Hartford Courant

‘Fast fraud’ on payment apps becomes epidemic in pandemic

- By Nathaniel Popper

Charee Mobley, who teaches middle school in Fort Worth, Texas, had just $166 to get herself and her 1 7-year- old daughter through the last two weeks of August.

But that money disappeare­d when Mobley, 37, ran into an issue with Square’s Cash App, an instant payments app that she was using in the coronaviru­s pandemic to pay her bills and do her banking.

After seeing an errant online shopping charge on her Cash App, Mobley called what she thought was a help line for it. But the line had been set up by someone who asked her to download some software, which took control of the app and drained her account.

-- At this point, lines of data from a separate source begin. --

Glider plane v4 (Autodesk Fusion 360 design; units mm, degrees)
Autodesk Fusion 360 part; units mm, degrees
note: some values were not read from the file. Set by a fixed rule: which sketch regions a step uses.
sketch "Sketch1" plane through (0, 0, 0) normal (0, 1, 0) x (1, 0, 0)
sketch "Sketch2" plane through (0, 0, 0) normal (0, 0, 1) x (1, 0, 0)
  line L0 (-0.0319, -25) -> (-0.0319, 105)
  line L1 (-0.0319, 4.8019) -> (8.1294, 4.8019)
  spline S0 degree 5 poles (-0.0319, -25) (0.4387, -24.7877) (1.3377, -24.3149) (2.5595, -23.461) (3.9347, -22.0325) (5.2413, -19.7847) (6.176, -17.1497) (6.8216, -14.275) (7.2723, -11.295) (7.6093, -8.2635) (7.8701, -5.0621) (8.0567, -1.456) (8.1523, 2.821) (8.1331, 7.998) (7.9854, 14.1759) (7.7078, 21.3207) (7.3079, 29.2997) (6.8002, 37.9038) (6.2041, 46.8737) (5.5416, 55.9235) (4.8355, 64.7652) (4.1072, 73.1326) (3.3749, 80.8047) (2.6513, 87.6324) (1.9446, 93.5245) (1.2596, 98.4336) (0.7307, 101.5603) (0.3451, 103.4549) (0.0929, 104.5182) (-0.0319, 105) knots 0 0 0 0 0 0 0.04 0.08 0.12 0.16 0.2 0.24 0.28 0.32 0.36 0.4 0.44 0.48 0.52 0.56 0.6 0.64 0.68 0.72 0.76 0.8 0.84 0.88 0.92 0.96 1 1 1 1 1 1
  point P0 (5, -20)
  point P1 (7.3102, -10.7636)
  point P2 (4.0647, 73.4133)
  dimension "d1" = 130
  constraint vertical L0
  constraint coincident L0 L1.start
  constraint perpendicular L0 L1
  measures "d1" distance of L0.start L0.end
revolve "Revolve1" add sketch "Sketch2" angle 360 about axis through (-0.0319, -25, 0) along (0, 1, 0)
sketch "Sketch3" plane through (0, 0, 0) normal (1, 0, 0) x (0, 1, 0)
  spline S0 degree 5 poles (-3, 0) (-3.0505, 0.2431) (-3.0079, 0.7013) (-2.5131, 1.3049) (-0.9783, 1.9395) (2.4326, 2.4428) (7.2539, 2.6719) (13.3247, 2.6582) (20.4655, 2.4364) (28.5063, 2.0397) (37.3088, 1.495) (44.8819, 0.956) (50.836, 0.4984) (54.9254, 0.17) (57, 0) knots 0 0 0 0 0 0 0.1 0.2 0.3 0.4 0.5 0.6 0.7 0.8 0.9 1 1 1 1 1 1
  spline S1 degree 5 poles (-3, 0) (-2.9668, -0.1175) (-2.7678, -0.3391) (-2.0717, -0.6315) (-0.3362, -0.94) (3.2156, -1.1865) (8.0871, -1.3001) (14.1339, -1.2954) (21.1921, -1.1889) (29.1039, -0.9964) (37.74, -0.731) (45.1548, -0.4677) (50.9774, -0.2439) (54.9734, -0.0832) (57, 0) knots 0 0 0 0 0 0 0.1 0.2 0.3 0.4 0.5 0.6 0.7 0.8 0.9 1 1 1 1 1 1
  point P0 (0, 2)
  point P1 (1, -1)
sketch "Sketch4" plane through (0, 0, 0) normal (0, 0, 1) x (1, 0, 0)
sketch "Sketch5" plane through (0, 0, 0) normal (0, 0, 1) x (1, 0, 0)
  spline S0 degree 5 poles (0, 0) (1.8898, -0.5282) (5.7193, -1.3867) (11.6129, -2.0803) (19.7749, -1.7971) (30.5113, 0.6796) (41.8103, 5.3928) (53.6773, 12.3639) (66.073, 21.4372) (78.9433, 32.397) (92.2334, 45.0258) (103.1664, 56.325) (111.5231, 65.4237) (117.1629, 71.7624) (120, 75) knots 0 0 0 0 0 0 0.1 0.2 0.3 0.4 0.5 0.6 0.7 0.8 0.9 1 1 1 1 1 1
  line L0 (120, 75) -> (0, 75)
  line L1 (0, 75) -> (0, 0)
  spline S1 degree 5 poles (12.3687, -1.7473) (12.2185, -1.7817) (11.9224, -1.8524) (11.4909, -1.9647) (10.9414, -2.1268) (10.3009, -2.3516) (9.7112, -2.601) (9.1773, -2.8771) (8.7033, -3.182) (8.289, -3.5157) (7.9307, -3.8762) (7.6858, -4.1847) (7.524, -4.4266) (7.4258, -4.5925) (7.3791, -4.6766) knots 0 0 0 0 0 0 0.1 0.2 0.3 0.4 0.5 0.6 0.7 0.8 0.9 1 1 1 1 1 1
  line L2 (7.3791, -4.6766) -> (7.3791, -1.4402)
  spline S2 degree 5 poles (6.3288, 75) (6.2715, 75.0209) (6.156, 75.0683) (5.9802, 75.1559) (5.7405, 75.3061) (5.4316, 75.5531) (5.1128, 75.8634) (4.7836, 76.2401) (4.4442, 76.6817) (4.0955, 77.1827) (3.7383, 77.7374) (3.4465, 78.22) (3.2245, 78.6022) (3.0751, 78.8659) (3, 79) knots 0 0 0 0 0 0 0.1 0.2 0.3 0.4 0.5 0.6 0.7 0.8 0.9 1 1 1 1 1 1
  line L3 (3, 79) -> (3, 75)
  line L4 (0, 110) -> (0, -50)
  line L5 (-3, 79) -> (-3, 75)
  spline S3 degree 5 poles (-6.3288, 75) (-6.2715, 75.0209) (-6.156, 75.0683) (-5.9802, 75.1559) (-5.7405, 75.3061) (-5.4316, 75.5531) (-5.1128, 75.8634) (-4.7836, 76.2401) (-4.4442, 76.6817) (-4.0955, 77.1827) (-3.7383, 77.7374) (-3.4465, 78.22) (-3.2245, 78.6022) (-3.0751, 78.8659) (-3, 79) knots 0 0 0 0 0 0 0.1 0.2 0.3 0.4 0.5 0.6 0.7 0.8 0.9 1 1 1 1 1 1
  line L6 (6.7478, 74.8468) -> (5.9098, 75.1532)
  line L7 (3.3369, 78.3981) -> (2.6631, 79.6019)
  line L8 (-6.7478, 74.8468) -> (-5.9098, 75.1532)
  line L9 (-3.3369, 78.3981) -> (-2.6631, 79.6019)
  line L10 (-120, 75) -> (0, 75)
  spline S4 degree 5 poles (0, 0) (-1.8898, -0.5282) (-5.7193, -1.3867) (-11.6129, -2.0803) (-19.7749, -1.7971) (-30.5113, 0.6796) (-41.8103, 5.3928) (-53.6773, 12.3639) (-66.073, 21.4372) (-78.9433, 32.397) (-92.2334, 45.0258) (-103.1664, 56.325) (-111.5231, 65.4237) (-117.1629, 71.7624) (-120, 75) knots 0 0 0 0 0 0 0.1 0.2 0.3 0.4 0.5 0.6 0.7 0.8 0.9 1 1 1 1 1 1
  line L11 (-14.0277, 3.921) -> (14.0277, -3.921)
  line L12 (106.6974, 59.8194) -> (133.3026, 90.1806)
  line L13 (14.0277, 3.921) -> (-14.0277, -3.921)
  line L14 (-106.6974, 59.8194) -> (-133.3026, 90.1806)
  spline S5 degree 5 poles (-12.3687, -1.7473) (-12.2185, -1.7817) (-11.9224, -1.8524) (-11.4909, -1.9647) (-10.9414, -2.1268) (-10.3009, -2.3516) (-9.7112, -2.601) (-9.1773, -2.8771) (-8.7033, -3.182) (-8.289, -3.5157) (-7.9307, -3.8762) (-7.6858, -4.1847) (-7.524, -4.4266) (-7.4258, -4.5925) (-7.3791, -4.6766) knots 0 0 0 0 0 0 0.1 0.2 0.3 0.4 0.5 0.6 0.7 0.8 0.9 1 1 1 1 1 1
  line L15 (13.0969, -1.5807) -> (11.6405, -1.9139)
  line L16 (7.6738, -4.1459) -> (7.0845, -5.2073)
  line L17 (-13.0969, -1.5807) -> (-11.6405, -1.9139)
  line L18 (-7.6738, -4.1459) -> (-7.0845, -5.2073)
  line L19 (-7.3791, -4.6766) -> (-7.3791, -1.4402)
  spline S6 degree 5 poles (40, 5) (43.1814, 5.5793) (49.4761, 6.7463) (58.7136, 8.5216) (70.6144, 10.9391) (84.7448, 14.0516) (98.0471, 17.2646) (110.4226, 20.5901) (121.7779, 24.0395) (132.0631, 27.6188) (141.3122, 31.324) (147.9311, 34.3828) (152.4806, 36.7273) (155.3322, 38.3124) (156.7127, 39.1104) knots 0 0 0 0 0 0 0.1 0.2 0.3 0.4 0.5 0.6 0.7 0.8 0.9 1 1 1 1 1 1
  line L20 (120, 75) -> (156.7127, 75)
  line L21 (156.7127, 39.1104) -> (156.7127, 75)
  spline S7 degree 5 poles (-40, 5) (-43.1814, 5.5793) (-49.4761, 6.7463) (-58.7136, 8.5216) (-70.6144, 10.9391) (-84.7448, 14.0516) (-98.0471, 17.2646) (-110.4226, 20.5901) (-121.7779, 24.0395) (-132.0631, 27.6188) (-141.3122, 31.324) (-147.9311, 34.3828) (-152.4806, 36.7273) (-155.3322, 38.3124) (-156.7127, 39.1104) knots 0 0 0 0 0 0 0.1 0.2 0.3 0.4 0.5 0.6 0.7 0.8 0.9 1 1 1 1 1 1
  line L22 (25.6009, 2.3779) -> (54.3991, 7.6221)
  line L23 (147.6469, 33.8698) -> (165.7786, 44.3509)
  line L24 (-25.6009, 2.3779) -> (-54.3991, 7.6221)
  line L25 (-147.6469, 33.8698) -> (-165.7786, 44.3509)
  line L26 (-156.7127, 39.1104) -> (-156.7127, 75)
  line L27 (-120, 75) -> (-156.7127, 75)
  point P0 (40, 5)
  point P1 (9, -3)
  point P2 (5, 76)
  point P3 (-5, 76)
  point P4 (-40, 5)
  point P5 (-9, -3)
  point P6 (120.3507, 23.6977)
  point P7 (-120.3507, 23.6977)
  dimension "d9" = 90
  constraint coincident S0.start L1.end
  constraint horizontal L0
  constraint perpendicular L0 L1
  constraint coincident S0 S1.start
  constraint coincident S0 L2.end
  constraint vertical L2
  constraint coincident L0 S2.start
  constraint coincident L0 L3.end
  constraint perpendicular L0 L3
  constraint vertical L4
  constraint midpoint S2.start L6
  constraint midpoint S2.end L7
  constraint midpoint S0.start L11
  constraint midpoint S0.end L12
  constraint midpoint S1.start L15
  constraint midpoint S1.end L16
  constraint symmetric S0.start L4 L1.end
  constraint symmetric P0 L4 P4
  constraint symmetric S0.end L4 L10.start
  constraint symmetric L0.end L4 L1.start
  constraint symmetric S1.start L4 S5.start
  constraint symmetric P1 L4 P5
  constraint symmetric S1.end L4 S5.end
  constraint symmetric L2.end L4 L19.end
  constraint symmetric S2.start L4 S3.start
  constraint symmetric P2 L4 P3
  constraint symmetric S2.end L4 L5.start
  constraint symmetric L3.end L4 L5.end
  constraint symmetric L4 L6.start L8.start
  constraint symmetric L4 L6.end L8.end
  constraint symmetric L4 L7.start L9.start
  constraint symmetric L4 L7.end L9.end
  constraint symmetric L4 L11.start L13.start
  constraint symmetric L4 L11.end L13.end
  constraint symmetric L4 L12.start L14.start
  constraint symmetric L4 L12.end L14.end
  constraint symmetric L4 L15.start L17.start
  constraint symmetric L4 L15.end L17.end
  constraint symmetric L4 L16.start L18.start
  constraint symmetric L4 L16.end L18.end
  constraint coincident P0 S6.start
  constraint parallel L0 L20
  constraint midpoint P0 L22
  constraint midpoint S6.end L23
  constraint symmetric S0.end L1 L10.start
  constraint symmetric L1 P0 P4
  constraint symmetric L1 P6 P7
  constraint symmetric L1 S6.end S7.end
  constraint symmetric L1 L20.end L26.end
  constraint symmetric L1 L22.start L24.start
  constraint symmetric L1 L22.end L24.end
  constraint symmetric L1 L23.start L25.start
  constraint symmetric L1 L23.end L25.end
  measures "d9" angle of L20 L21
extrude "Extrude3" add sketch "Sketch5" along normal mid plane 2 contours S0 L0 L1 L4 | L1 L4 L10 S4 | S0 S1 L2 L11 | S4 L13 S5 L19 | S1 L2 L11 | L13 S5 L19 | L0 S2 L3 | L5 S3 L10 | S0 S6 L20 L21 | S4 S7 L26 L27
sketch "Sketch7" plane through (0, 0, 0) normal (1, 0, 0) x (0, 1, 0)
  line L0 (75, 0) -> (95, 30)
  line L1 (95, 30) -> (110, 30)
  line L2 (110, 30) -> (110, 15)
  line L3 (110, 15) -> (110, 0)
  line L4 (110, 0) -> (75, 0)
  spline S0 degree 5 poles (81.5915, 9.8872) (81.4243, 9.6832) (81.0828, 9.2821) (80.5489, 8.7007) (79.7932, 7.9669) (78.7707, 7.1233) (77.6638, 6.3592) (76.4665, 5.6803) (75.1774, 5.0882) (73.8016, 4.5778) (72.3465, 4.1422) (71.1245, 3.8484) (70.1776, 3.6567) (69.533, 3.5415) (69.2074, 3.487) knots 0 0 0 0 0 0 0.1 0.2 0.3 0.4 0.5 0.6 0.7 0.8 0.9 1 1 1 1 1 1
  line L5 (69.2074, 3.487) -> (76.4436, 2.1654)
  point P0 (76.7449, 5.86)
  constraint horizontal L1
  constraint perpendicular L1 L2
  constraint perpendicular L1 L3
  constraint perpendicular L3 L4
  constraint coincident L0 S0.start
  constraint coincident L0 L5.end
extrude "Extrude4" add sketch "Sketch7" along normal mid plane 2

“I didn’t have gas money, and I couldn’t pay my daughter’s senior dues,” Mobley said. “We basically just had to stick it out until I got paid the following week.”

In the pandemic, people have flocked to instant payment apps like Cash App, PayPal’s Venmo and Zelle as they have wanted to avoid retail bank branches, and online commerce has become more ingrained. To encourage that shift, the payment apps have added services like debit cards and routing numbers so that they work more like traditiona­l banks.

But many people are unaware of how vulnerable they can be to losses when they use these services in place of banks. Payment apps have long had fraud rates that are three to four times higher than traditiona­l payment methods such as credit and debit cards, according to data from the security firms Sift and Chargeback Gurus.

The fraud appears to have surged in recent months. At Venmo, daily users have grown by 26% since last year, while the number of customer reviews mentioning the words fraud or scam has risen nearly four times as fast, according to a New York Times analysis of data from Apptopia, a firm that tracks mobile services.

Driving the surge is the apps’ ease of use. People need just an email address to create a Cash App account and a phone number to make a Venmo account. That simplicity has made it seamless for thieves to set up accounts and to send requests for money to other users, something that was not possible with traditiona­l bank payments.

The apps’ instantane­ous transactio­ns — compared to the two or three days needed for a standard bank transfer — have also meant that Venmo and Cash App have less time to detect whether a transactio­n is fraudulent.

“Fast payments equals fast fraud,” said Frank McKenna, the chief fraud strategist for the security firm PointPredi­ctive. .

Square, PayPal and Zelle do not disclose the rate of fraud on their apps. PayPal takes steps to “limit potential fraudulent activity and mitigate any customer impact,” a spokeswoma­n said, but she did not address whether it had seen more cases of fraud.

Zelle, which was founded by a coalition of banks, appears to have experience­d less fraud because it has more robust authentica­tion for new users and more legal protection­s in case of loss, security experts said.

“Protecting consumers from abusive scams and fraud is a top priority for Zelle,” said Meghan Fintland, a spokeswoma­n for Early Warning, the company that runs the app.

Of all the payment apps, fraud issues have been particular­ly acute for Square’s Cash App. As the number of people using the app daily has grown 59% over the past year, the number of reviews about it that mention the words fraud or scam has risen 165%, according to Apptopia.

The Better Business Bureau also said it had received more than twice as many complaints about Cash App as Venmo over the past year. That is significan­t given that Venmo has twice as many users as Cash App, according to Apptopia.

Lena Anderson, a spokeswoma­n for Square, said the company was “aware that there has been a recent rise in scammers trying to take advantage of customers using financial products, including Cash App. We’ve taken a number of proactive steps and made it our top priority.”

Square, which is led by Jack Dorsey, who is also chief executive of Twitter, introduced Cash App in 2013. While the San Francisco company was founded as a payments platform for small businesses, Cash App has become its largest source of revenue. In the second quarter, the app generated $1.2 billion of Square’s $1.9 billion in revenue.